O corpo como medida de todas as coisas
“Desse mundo físico, em si mesmo desinteressante o homem é parte. Seu corpo, como qualquer outro tipo de matéria, é composto por elétrons e prótons, que, até onde sabemos, obedecem às mesmas leis a que se submetem os elétrons e prótons que não constituem animais e plantas. Alguns sustentam que a fisiologia jamais poderá ser reduzida à física, mas seus argumentos não são muito convincentes, de sorte que parece prudente supor que estejam errados. Aquilo que chamamos de nossos “pensamentos” Prece depender da disposição de trilhos em nosso celebro, do mesmo modo que as jornadas dependem de rodovias e das estradas de ferro. A energia utilizada no ato de pensar parece ter uma origem química; por exemplo, uma deficiência de iodo fará de um homem inteligente um idiota. Os fenômenos mentais parecem estar intimamente vinculados a uma estrutura material. Se assim é, não podemos supor que um elétron ou um próton solitário seja capaz de “pensar”, seria como esperar que um indivíduo sozinho pudesse jogar uma partida de futebol. Tampouco podemos supor que o pensamento individual possa sobreviver à morte corporal, uma vez que ela destrói a organização do cérebro e dissipa a energia por ele utilizada.”
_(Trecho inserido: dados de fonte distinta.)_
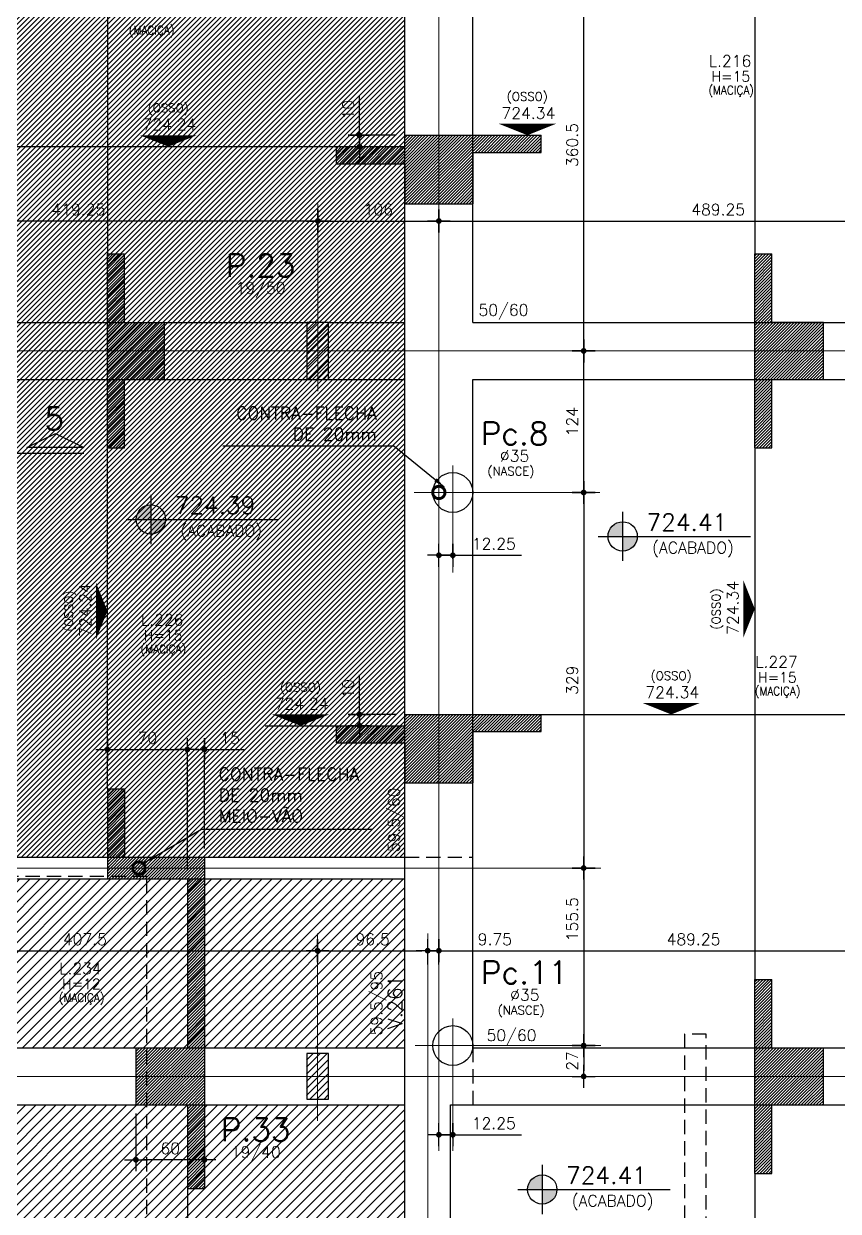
# Model space of a CAD drawing. Header units: inches. Extents: x 0 to 5940, y 0 to 4205.
# Drawn here: x 2299 to 3012, y 1956 to 2996 of the extents above; entities that cross this region are included whole.
import ezdxf
from ezdxf.enums import TextEntityAlignment as Align

# ---------------------------------------------------------------- set-up
doc = ezdxf.new("R2010")
doc.units = ezdxf.units.IN
doc.header["$LTSCALE"] = 50
doc.header["$MEASUREMENT"] = 0
doc.linetypes.add('CENTER', pattern=[2, 1.25, -0.25, 0.25, -0.25])
doc.linetypes.add('HIDDEN', pattern=[0.375, 0.25, -0.125])
for name, color, linetype in [('ALVENARIA', 10, 'HIDDEN'), ('CONTRA-FLECHA', 152, 'Continuous'), ('CORTE-FORMA', 1, 'Continuous'), ('COTA', 6, 'Continuous'), ('FO-HACHURA_PILAR-MORRE', 252, 'Continuous'), ('FO-TEXTO-LAJES', 152, 'Continuous'), ('FO-TEXTO-VIGAS', 3, 'Continuous'), ('HACHUR LAJE', 141, 'Continuous'), ('NIVEL', 3, 'Continuous'), ('NIVEL-ARQUITETURA', 3, 'Continuous'), ('P-M', 7, 'Continuous'), ('P-N', 5, 'Continuous'), ('TEXTO', 3, 'Continuous')]:
    doc.layers.add(name, color=color, linetype=linetype)
for name, color, linetype, lineweight in [('FO-Eixos', 150, 'Continuous', 5), ('FO-Textos dos pilares', 3, 'Continuous', 20), ('FO-Vigas', 2, 'Continuous', 30)]:
    doc.layers.add(name, color=color, linetype=linetype, lineweight=lineweight)
doc.styles.add('ROMANS', font='romans.shx')
doc.dimstyles.new('COTA_50', dxfattribs={"dimscale": 5, "dimtxt": 2, "dimasz": 1, "dimexe": 2, "dimexo": 1.5, "dimgap": 1, "dimtad": 1, "dimzin": 12, "dimdsep": 46, "dimtxsty": 'ROMANS', "dimblk1": 'COTA', "dimblk2": 'COTA', "dimsah": 1, "dimcen": -4, "dimdle": 1.5, "dimclrd": 6, "dimclre": 6, "dimclrt": 3, "dimadec": 0, "dimazin": 0, "dimtfac": 1, "dimtofl": 0, "dimtmove": 0, "dimatfit": 3, "dimldrblk": 'COTA', "dimfxl": 1, "dimtolj": 1, "dimtzin": 12, "dimarcsym": 0})
doc.dimstyles.new('NOTA', dxfattribs={"dimscale": 5, "dimtxt": 2, "dimasz": 2, "dimexe": 1.5, "dimexo": 2, "dimgap": 1, "dimtad": 1, "dimdec": 1, "dimzin": 12, "dimdsep": 46, "dimtxsty": 'ROMANS', "dimcen": 0.09, "dimclrd": 8, "dimclre": 8, "dimclrt": 3, "dimadec": 0, "dimazin": 0, "dimtfac": 1, "dimtdec": 1, "dimtofl": 0, "dimtmove": 0, "dimatfit": 3, "dimfxl": 1, "dimtolj": 1, "dimtzin": 12, "dimarcsym": 0})
pattern_1 = [(45, (-4340.959, 9121.8574), (-3.0935922, 3.0935922), [])]
pattern_2 = [(45, (-4662.459, 9121.8574), (-1.3258252, 1.3258252), [])]
pattern_3 = [(45, (-4662.459, 9121.8574), (-4.4194174, 4.4194174), [])]

# ---------------------------------------------------------------- blocks, each defined once
blk = doc.blocks.new('COTA')
at = {"layer": 'COTA'}
for p, q in [((2, 0), (-2, 0)), ((0, -2), (0, 2))]:
    blk.add_line(p, q, dxfattribs=at)
at = {"layer": 'COTA', "const_width": 0.5}
blk.add_lwpolyline([(-0.25, 0, 1), (0.25, 0, 1)], format="xyb", close=True, dxfattribs=at)
blk = doc.blocks.new('*D10')
at = {"layer": 'COTA', "color": 6, "lineweight": -2, "transparency": 16777216}
for p, q in [((2593.1, 2903.6), (2593.1, 2933.4)), ((2625.3, 2898.6), (2583.1, 2898.6)), ((2589.4, 2888.6), (2583.1, 2888.6)), ((2593.1, 2883.6), (2593.1, 2878.6))]:
    blk.add_line(p, q, dxfattribs=at)
at = {"layer": 'Defpoints', "color": 0, "transparency": 16777216}
for p in [(2593.1, 2898.6), (2632.8, 2898.6), (2596.9, 2888.6)]:
    blk.add_point(p, dxfattribs=at)
at = {"layer": 'COTA', "color": 6, "lineweight": -2, "transparency": 16777216, "xscale": 5, "yscale": 5, "zscale": 5}
for p, rotation in [((2593.1, 2898.6), 270), ((2593.1, 2888.6), 90)]:
    blk.add_blockref('COTA', p, dxfattribs=dict(at, rotation=rotation))
at = {"layer": 'COTA', "color": 3, "transparency": 16777216, "insert": (2583.1, 2921), "char_height": 10, "attachment_point": 5, "rotation": 90, "style": 'ROMANS'}
blk.add_mtext('\\A1;10', dxfattribs=at)
blk = doc.blocks.new('*D14')
at = {"layer": 'COTA', "color": 6, "lineweight": -2, "transparency": 16777216}
for p, q in [((2593.1, 2396.3), (2593.1, 2426)), ((2625.3, 2391.3), (2583.1, 2391.3)), ((2589.4, 2381.3), (2583.1, 2381.3)), ((2593.1, 2376.3), (2593.1, 2371.3))]:
    blk.add_line(p, q, dxfattribs=at)
at = {"layer": 'Defpoints', "color": 0, "transparency": 16777216}
for p in [(2593.1, 2391.3), (2632.8, 2391.3), (2596.9, 2381.3)]:
    blk.add_point(p, dxfattribs=at)
at = {"layer": 'COTA', "color": 6, "lineweight": -2, "transparency": 16777216, "xscale": 5, "yscale": 5, "zscale": 5}
for p, rotation in [((2593.1, 2391.3), 270), ((2593.1, 2381.3), 90)]:
    blk.add_blockref('COTA', p, dxfattribs=dict(at, rotation=rotation))
at = {"layer": 'COTA', "color": 3, "transparency": 16777216, "insert": (2583.1, 2413.7), "char_height": 10, "attachment_point": 5, "rotation": 90, "style": 'ROMANS'}
blk.add_mtext('\\A1;10', dxfattribs=at)
blk = doc.blocks.new('*D33')
at = {"layer": 'COTA', "color": 6, "lineweight": -2, "transparency": 16777216}
for p, q in [((2372.3, 2357), (2372.3, 2370.6)), ((2442.3, 2254.7), (2442.3, 2370.6)), ((2377.3, 2360.6), (2437.3, 2360.6))]:
    blk.add_line(p, q, dxfattribs=at)
at = {"layer": 'Defpoints', "color": 0, "transparency": 16777216}
for p in [(2442.3, 2360.6), (2372.3, 2349.5), (2442.3, 2247.2)]:
    blk.add_point(p, dxfattribs=at)
at = {"layer": 'COTA', "color": 6, "lineweight": -2, "transparency": 16777216, "xscale": 5, "yscale": 5, "zscale": 5, "rotation": 180}
blk.add_blockref('COTA', (2372.3, 2360.6), dxfattribs=at)
at = {"layer": 'COTA', "color": 6, "lineweight": -2, "transparency": 16777216, "xscale": 5, "yscale": 5, "zscale": 5}
blk.add_blockref('COTA', (2442.3, 2360.6), dxfattribs=at)
at = {"layer": 'COTA', "color": 3, "transparency": 16777216, "insert": (2407.3, 2370.6), "char_height": 10, "attachment_point": 5, "style": 'ROMANS'}
blk.add_mtext('\\A1;70', dxfattribs=at)
blk = doc.blocks.new('*D34')
at = {"layer": 'COTA', "color": 6, "lineweight": -2, "transparency": 16777216}
for p, q in [((2442.3, 2355.6), (2442.3, 2370.6)), ((2457.3, 2273.7), (2457.3, 2370.6)), ((2437.3, 2360.6), (2432.3, 2360.6)), ((2462.3, 2360.6), (2492.1, 2360.6))]:
    blk.add_line(p, q, dxfattribs=at)
at = {"layer": 'Defpoints', "color": 0, "transparency": 16777216}
for p in [(2457.3, 2360.6), (2442.3, 2348.1), (2457.3, 2266.2)]:
    blk.add_point(p, dxfattribs=at)
at = {"layer": 'COTA', "color": 6, "lineweight": -2, "transparency": 16777216, "xscale": 5, "yscale": 5, "zscale": 5}
blk.add_blockref('COTA', (2442.3, 2360.6), dxfattribs=at)
at = {"layer": 'COTA', "color": 6, "lineweight": -2, "transparency": 16777216, "xscale": 5, "yscale": 5, "zscale": 5, "rotation": 180}
blk.add_blockref('COTA', (2457.3, 2360.6), dxfattribs=at)
at = {"layer": 'COTA', "color": 3, "transparency": 16777216, "insert": (2479.7, 2370.6), "char_height": 10, "attachment_point": 5, "style": 'ROMANS'}
blk.add_mtext('\\A1;15', dxfattribs=at)
blk = doc.blocks.new('*D35')
at = {"layer": 'COTA', "color": 6, "lineweight": -2, "transparency": 16777216}
for p, q in [((2397.3, 2041.7), (2397.3, 1991.1)), ((2452.3, 2001.1), (2402.3, 2001.1)), ((2457.3, 2002.2), (2457.3, 1991.1))]:
    blk.add_line(p, q, dxfattribs=at)
at = {"layer": 'Defpoints', "color": 0, "transparency": 16777216}
for p in [(2397.3, 2049.2), (2457.3, 2009.7), (2397.3, 2001.1)]:
    blk.add_point(p, dxfattribs=at)
at = {"layer": 'COTA', "color": 6, "lineweight": -2, "transparency": 16777216, "xscale": 5, "yscale": 5, "zscale": 5, "rotation": 180}
blk.add_blockref('COTA', (2397.3, 2001.1), dxfattribs=at)
at = {"layer": 'COTA', "color": 6, "lineweight": -2, "transparency": 16777216, "xscale": 5, "yscale": 5, "zscale": 5}
blk.add_blockref('COTA', (2457.3, 2001.1), dxfattribs=at)
at = {"layer": 'COTA', "color": 3, "transparency": 16777216, "insert": (2427.3, 2011.1), "char_height": 10, "attachment_point": 5, "style": 'ROMANS'}
blk.add_mtext('\\A1;60', dxfattribs=at)
blk = doc.blocks.new('*D94')
at = {"layer": 'COTA', "color": 6, "lineweight": -2, "transparency": 16777216}
for p, q in [((2556.6, 2824), (2556.6, 2833.5)), ((2662.6, 2824), (2662.6, 2833.5)), ((2561.6, 2823.5), (2657.6, 2823.5))]:
    blk.add_line(p, q, dxfattribs=at)
at = {"layer": 'Defpoints', "color": 0, "transparency": 16777216}
for p in [(2662.6, 2823.5), (2556.6, 2816.5), (2662.6, 2816.5)]:
    blk.add_point(p, dxfattribs=at)
at = {"layer": 'COTA', "color": 6, "lineweight": -2, "transparency": 16777216, "xscale": 5, "yscale": 5, "zscale": 5, "rotation": 180}
blk.add_blockref('COTA', (2556.6, 2823.5), dxfattribs=at)
at = {"layer": 'COTA', "color": 6, "lineweight": -2, "transparency": 16777216, "xscale": 5, "yscale": 5, "zscale": 5}
blk.add_blockref('COTA', (2662.6, 2823.5), dxfattribs=at)
at = {"layer": 'COTA', "color": 3, "transparency": 16777216, "insert": (2609.6, 2833.5), "char_height": 10, "attachment_point": 5, "style": 'ROMANS'}
blk.add_mtext('\\A1;106', dxfattribs=at)
blk = doc.blocks.new('*D95')
at = {"layer": 'COTA', "color": 6, "lineweight": -2, "transparency": 16777216}
for p, q in [((2137.3, 2820.1), (2137.3, 2833.5)), ((2556.6, 2820.1), (2556.6, 2833.5)), ((2551.6, 2823.5), (2142.3, 2823.5))]:
    blk.add_line(p, q, dxfattribs=at)
at = {"layer": 'Defpoints', "color": 0, "transparency": 16777216}
for p in [(2137.3, 2823.5), (2137.3, 2812.6), (2556.6, 2812.6)]:
    blk.add_point(p, dxfattribs=at)
at = {"layer": 'COTA', "color": 6, "lineweight": -2, "transparency": 16777216, "xscale": 5, "yscale": 5, "zscale": 5, "rotation": 180}
blk.add_blockref('COTA', (2137.3, 2823.5), dxfattribs=at)
at = {"layer": 'COTA', "color": 6, "lineweight": -2, "transparency": 16777216, "xscale": 5, "yscale": 5, "zscale": 5}
blk.add_blockref('COTA', (2556.6, 2823.5), dxfattribs=at)
at = {"layer": 'COTA', "color": 3, "transparency": 16777216, "insert": (2346.9, 2833.5), "char_height": 10, "attachment_point": 5, "style": 'ROMANS'}
blk.add_mtext('\\A1;419.25', dxfattribs=at)
blk = doc.blocks.new('*D107')
at = {"layer": 'COTA', "color": 6, "lineweight": -2, "transparency": 16777216}
for p, q in [((2662.6, 2814.5), (2662.6, 2833.5)), ((3151.8, 2814.5), (3151.8, 2833.5)), ((2667.6, 2823.5), (3146.8, 2823.5))]:
    blk.add_line(p, q, dxfattribs=at)
at = {"layer": 'Defpoints', "color": 0, "transparency": 16777216}
for p in [(3151.8, 2823.5), (2662.6, 2807), (3151.8, 2807)]:
    blk.add_point(p, dxfattribs=at)
at = {"layer": 'COTA', "color": 6, "lineweight": -2, "transparency": 16777216, "xscale": 5, "yscale": 5, "zscale": 5, "rotation": 180}
blk.add_blockref('COTA', (2662.6, 2823.5), dxfattribs=at)
at = {"layer": 'COTA', "color": 6, "lineweight": -2, "transparency": 16777216, "xscale": 5, "yscale": 5, "zscale": 5}
blk.add_blockref('COTA', (3151.8, 2823.5), dxfattribs=at)
at = {"layer": 'COTA', "color": 3, "transparency": 16777216, "insert": (2907.2, 2833.5), "char_height": 10, "attachment_point": 5, "style": 'ROMANS'}
blk.add_mtext('\\A1;489.25', dxfattribs=at)
blk = doc.blocks.new('*D124')
at = {"layer": 'COTA', "color": 6, "lineweight": -2, "transparency": 16777216}
for p, q in [((2148.8, 2181.6), (2148.8, 2194.3)), ((2556.3, 2181.6), (2556.3, 2194.3)), ((2153.8, 2184.3), (2551.3, 2184.3))]:
    blk.add_line(p, q, dxfattribs=at)
at = {"layer": 'Defpoints', "color": 0, "transparency": 16777216}
for p in [(2148.8, 2174.1), (2556.3, 2184.3), (2556.3, 2174.1)]:
    blk.add_point(p, dxfattribs=at)
at = {"layer": 'COTA', "color": 6, "lineweight": -2, "transparency": 16777216, "xscale": 5, "yscale": 5, "zscale": 5, "rotation": 180}
blk.add_blockref('COTA', (2148.8, 2184.3), dxfattribs=at)
at = {"layer": 'COTA', "color": 6, "lineweight": -2, "transparency": 16777216, "xscale": 5, "yscale": 5, "zscale": 5}
blk.add_blockref('COTA', (2556.3, 2184.3), dxfattribs=at)
at = {"layer": 'COTA', "color": 3, "transparency": 16777216, "insert": (2352.6, 2194.3), "char_height": 10, "attachment_point": 5, "style": 'ROMANS'}
blk.add_mtext('\\A1;407.5', dxfattribs=at)
blk = doc.blocks.new('*D125')
at = {"layer": 'COTA', "color": 6, "lineweight": -2, "transparency": 16777216}
for p, q in [((2556.3, 2180.8), (2556.3, 2194.3)), ((2652.8, 2180.8), (2652.8, 2194.3)), ((2561.3, 2184.3), (2647.8, 2184.3))]:
    blk.add_line(p, q, dxfattribs=at)
at = {"layer": 'Defpoints', "color": 0, "transparency": 16777216}
for p in [(2652.8, 2184.3), (2556.3, 2173.3), (2652.8, 2173.3)]:
    blk.add_point(p, dxfattribs=at)
at = {"layer": 'COTA', "color": 6, "lineweight": -2, "transparency": 16777216, "xscale": 5, "yscale": 5, "zscale": 5, "rotation": 180}
blk.add_blockref('COTA', (2556.3, 2184.3), dxfattribs=at)
at = {"layer": 'COTA', "color": 6, "lineweight": -2, "transparency": 16777216, "xscale": 5, "yscale": 5, "zscale": 5}
blk.add_blockref('COTA', (2652.8, 2184.3), dxfattribs=at)
at = {"layer": 'COTA', "color": 3, "transparency": 16777216, "insert": (2604.6, 2194.3), "char_height": 10, "attachment_point": 5, "style": 'ROMANS'}
blk.add_mtext('\\A1;96.5', dxfattribs=at)
blk = doc.blocks.new('*D126')
at = {"layer": 'COTA', "color": 6, "lineweight": -2, "transparency": 16777216}
for p, q in [((2652.8, 2172.3), (2652.8, 2194.3)), ((2662.6, 2172.3), (2662.6, 2194.3)), ((2647.8, 2184.3), (2642.8, 2184.3)), ((2662.6, 2184.3), (2731.8, 2184.3)), ((2667.6, 2184.3), (2672.6, 2184.3))]:
    blk.add_line(p, q, dxfattribs=at)
at = {"layer": 'Defpoints', "color": 0, "transparency": 16777216}
for p in [(2662.6, 2184.3), (2652.8, 2164.8), (2662.6, 2164.8)]:
    blk.add_point(p, dxfattribs=at)
at = {"layer": 'COTA', "color": 6, "lineweight": -2, "transparency": 16777216, "xscale": 5, "yscale": 5, "zscale": 5}
blk.add_blockref('COTA', (2652.8, 2184.3), dxfattribs=at)
at = {"layer": 'COTA', "color": 6, "lineweight": -2, "transparency": 16777216, "xscale": 5, "yscale": 5, "zscale": 5, "rotation": 180}
blk.add_blockref('COTA', (2662.6, 2184.3), dxfattribs=at)
at = {"layer": 'COTA', "color": 3, "transparency": 16777216, "insert": (2711.6, 2194.3), "char_height": 10, "attachment_point": 5, "style": 'ROMANS'}
blk.add_mtext('\\A1;9.75', dxfattribs=at)
blk = doc.blocks.new('*D127')
at = {"layer": 'COTA', "color": 6, "lineweight": -2, "transparency": 16777216}
for p, q in [((2662.6, 2175.6), (2662.6, 2194.3)), ((3151.8, 2175.6), (3151.8, 2194.3)), ((2667.6, 2184.3), (3146.8, 2184.3))]:
    blk.add_line(p, q, dxfattribs=at)
at = {"layer": 'Defpoints', "color": 0, "transparency": 16777216}
for p in [(3151.8, 2184.3), (2662.6, 2168.1), (3151.8, 2168.1)]:
    blk.add_point(p, dxfattribs=at)
at = {"layer": 'COTA', "color": 6, "lineweight": -2, "transparency": 16777216, "xscale": 5, "yscale": 5, "zscale": 5, "rotation": 180}
blk.add_blockref('COTA', (2662.6, 2184.3), dxfattribs=at)
at = {"layer": 'COTA', "color": 6, "lineweight": -2, "transparency": 16777216, "xscale": 5, "yscale": 5, "zscale": 5}
blk.add_blockref('COTA', (3151.8, 2184.3), dxfattribs=at)
at = {"layer": 'COTA', "color": 3, "transparency": 16777216, "insert": (2885.6, 2194.3), "char_height": 10, "attachment_point": 5, "style": 'ROMANS'}
blk.add_mtext('\\A1;489.25', dxfattribs=at)
blk = doc.blocks.new('*D238')
at = {"layer": 'COTA', "color": 6, "lineweight": -2, "transparency": 16777216}
for p, q in [((2780.1, 2585.7), (2799.4, 2585.7)), ((2789.4, 2580.7), (2789.4, 2261.7)), ((2780.1, 2256.7), (2799.4, 2256.7))]:
    blk.add_line(p, q, dxfattribs=at)
at = {"layer": 'Defpoints', "color": 0, "transparency": 16777216}
for p in [(2772.6, 2585.7), (2772.6, 2256.7), (2789.4, 2256.7)]:
    blk.add_point(p, dxfattribs=at)
at = {"layer": 'COTA', "color": 6, "lineweight": -2, "transparency": 16777216, "xscale": 5, "yscale": 5, "zscale": 5}
for p, rotation in [((2789.4, 2585.7), 90), ((2789.4, 2256.7), 270)]:
    blk.add_blockref('COTA', p, dxfattribs=dict(at, rotation=rotation))
at = {"layer": 'COTA', "color": 3, "transparency": 16777216, "insert": (2779.4, 2421.2), "char_height": 10, "attachment_point": 5, "rotation": 90, "style": 'ROMANS'}
blk.add_mtext('\\A1;329', dxfattribs=at)
blk = doc.blocks.new('*D239')
at = {"layer": 'COTA', "color": 6, "lineweight": -2, "transparency": 16777216}
for p, q in [((2789.4, 2251.7), (2789.4, 2106.2)), ((2794.8, 2256.7), (2799.4, 2256.7)), ((2794.8, 2101.2), (2799.4, 2101.2))]:
    blk.add_line(p, q, dxfattribs=at)
at = {"layer": 'Defpoints', "color": 0, "transparency": 16777216}
for p in [(2787.3, 2256.7), (2787.3, 2101.2), (2789.4, 2101.2)]:
    blk.add_point(p, dxfattribs=at)
at = {"layer": 'COTA', "color": 6, "lineweight": -2, "transparency": 16777216, "xscale": 5, "yscale": 5, "zscale": 5}
for p, rotation in [((2789.4, 2256.7), 90), ((2789.4, 2101.2), 270)]:
    blk.add_blockref('COTA', p, dxfattribs=dict(at, rotation=rotation))
at = {"layer": 'COTA', "color": 3, "transparency": 16777216, "insert": (2779.4, 2211.8), "char_height": 10, "attachment_point": 5, "rotation": 90, "style": 'ROMANS'}
blk.add_mtext('\\A1;155.5', dxfattribs=at)
blk = doc.blocks.new('*D240')
at = {"layer": 'COTA', "color": 6, "lineweight": -2, "transparency": 16777216}
for p, q in [((2782.8, 2101.2), (2799.4, 2101.2)), ((2789.4, 2096.2), (2789.4, 2079.2)), ((2782.8, 2074.2), (2799.4, 2074.2))]:
    blk.add_line(p, q, dxfattribs=at)
at = {"layer": 'Defpoints', "color": 0, "transparency": 16777216}
for p in [(2775.3, 2101.2), (2775.3, 2074.2), (2789.4, 2074.2)]:
    blk.add_point(p, dxfattribs=at)
at = {"layer": 'COTA', "color": 6, "lineweight": -2, "transparency": 16777216, "xscale": 5, "yscale": 5, "zscale": 5}
for p, rotation in [((2789.4, 2101.2), 90), ((2789.4, 2074.2), 270)]:
    blk.add_blockref('COTA', p, dxfattribs=dict(at, rotation=rotation))
at = {"layer": 'COTA', "color": 3, "transparency": 16777216, "insert": (2779.4, 2087.7), "char_height": 10, "attachment_point": 5, "rotation": 90, "style": 'ROMANS'}
blk.add_mtext('\\A1;27', dxfattribs=at)
blk = doc.blocks.new('*D288')
at = {"layer": 'COTA', "color": 6, "lineweight": -2, "transparency": 16777216}
for p, q in [((2662.6, 2527.5), (2662.6, 2540.7)), ((2674.8, 2527.5), (2674.8, 2540.7)), ((2657.6, 2530.7), (2652.6, 2530.7)), ((2679.8, 2530.7), (2735, 2530.7))]:
    blk.add_line(p, q, dxfattribs=at)
at = {"layer": 'Defpoints', "color": 0, "transparency": 16777216}
for p in [(2674.8, 2530.7), (2662.6, 2520), (2674.8, 2520)]:
    blk.add_point(p, dxfattribs=at)
at = {"layer": 'COTA', "color": 6, "lineweight": -2, "transparency": 16777216, "xscale": 5, "yscale": 5, "zscale": 5}
blk.add_blockref('COTA', (2662.6, 2530.7), dxfattribs=at)
at = {"layer": 'COTA', "color": 6, "lineweight": -2, "transparency": 16777216, "xscale": 5, "yscale": 5, "zscale": 5, "rotation": 180}
blk.add_blockref('COTA', (2674.8, 2530.7), dxfattribs=at)
at = {"layer": 'COTA', "color": 3, "transparency": 16777216, "insert": (2710.7, 2540.7), "char_height": 10, "attachment_point": 5, "style": 'ROMANS'}
blk.add_mtext('\\A1;12.25', dxfattribs=at)
blk = doc.blocks.new('*D291')
at = {"layer": 'COTA', "color": 6, "lineweight": -2, "transparency": 16777216}
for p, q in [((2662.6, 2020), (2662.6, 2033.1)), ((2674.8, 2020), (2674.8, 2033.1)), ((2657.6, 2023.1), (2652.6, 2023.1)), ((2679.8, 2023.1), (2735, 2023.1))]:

(Bertrand Russell No que Acredito/ tradução de André de Godoy Vieira. Porto Alegre: L & PM, 2007, p. 31)
Raramente nos damos conta do quanto a vida é essencialmente determinada pela carne e pelo sangue, o quanto somos essencialmente nosso corpo físico, que não é apenas cede do desejo, do prazer, da necessidade e da dor, mas a medida de todas as coisas humanas, a começar por aquilo que concebemos como realidade.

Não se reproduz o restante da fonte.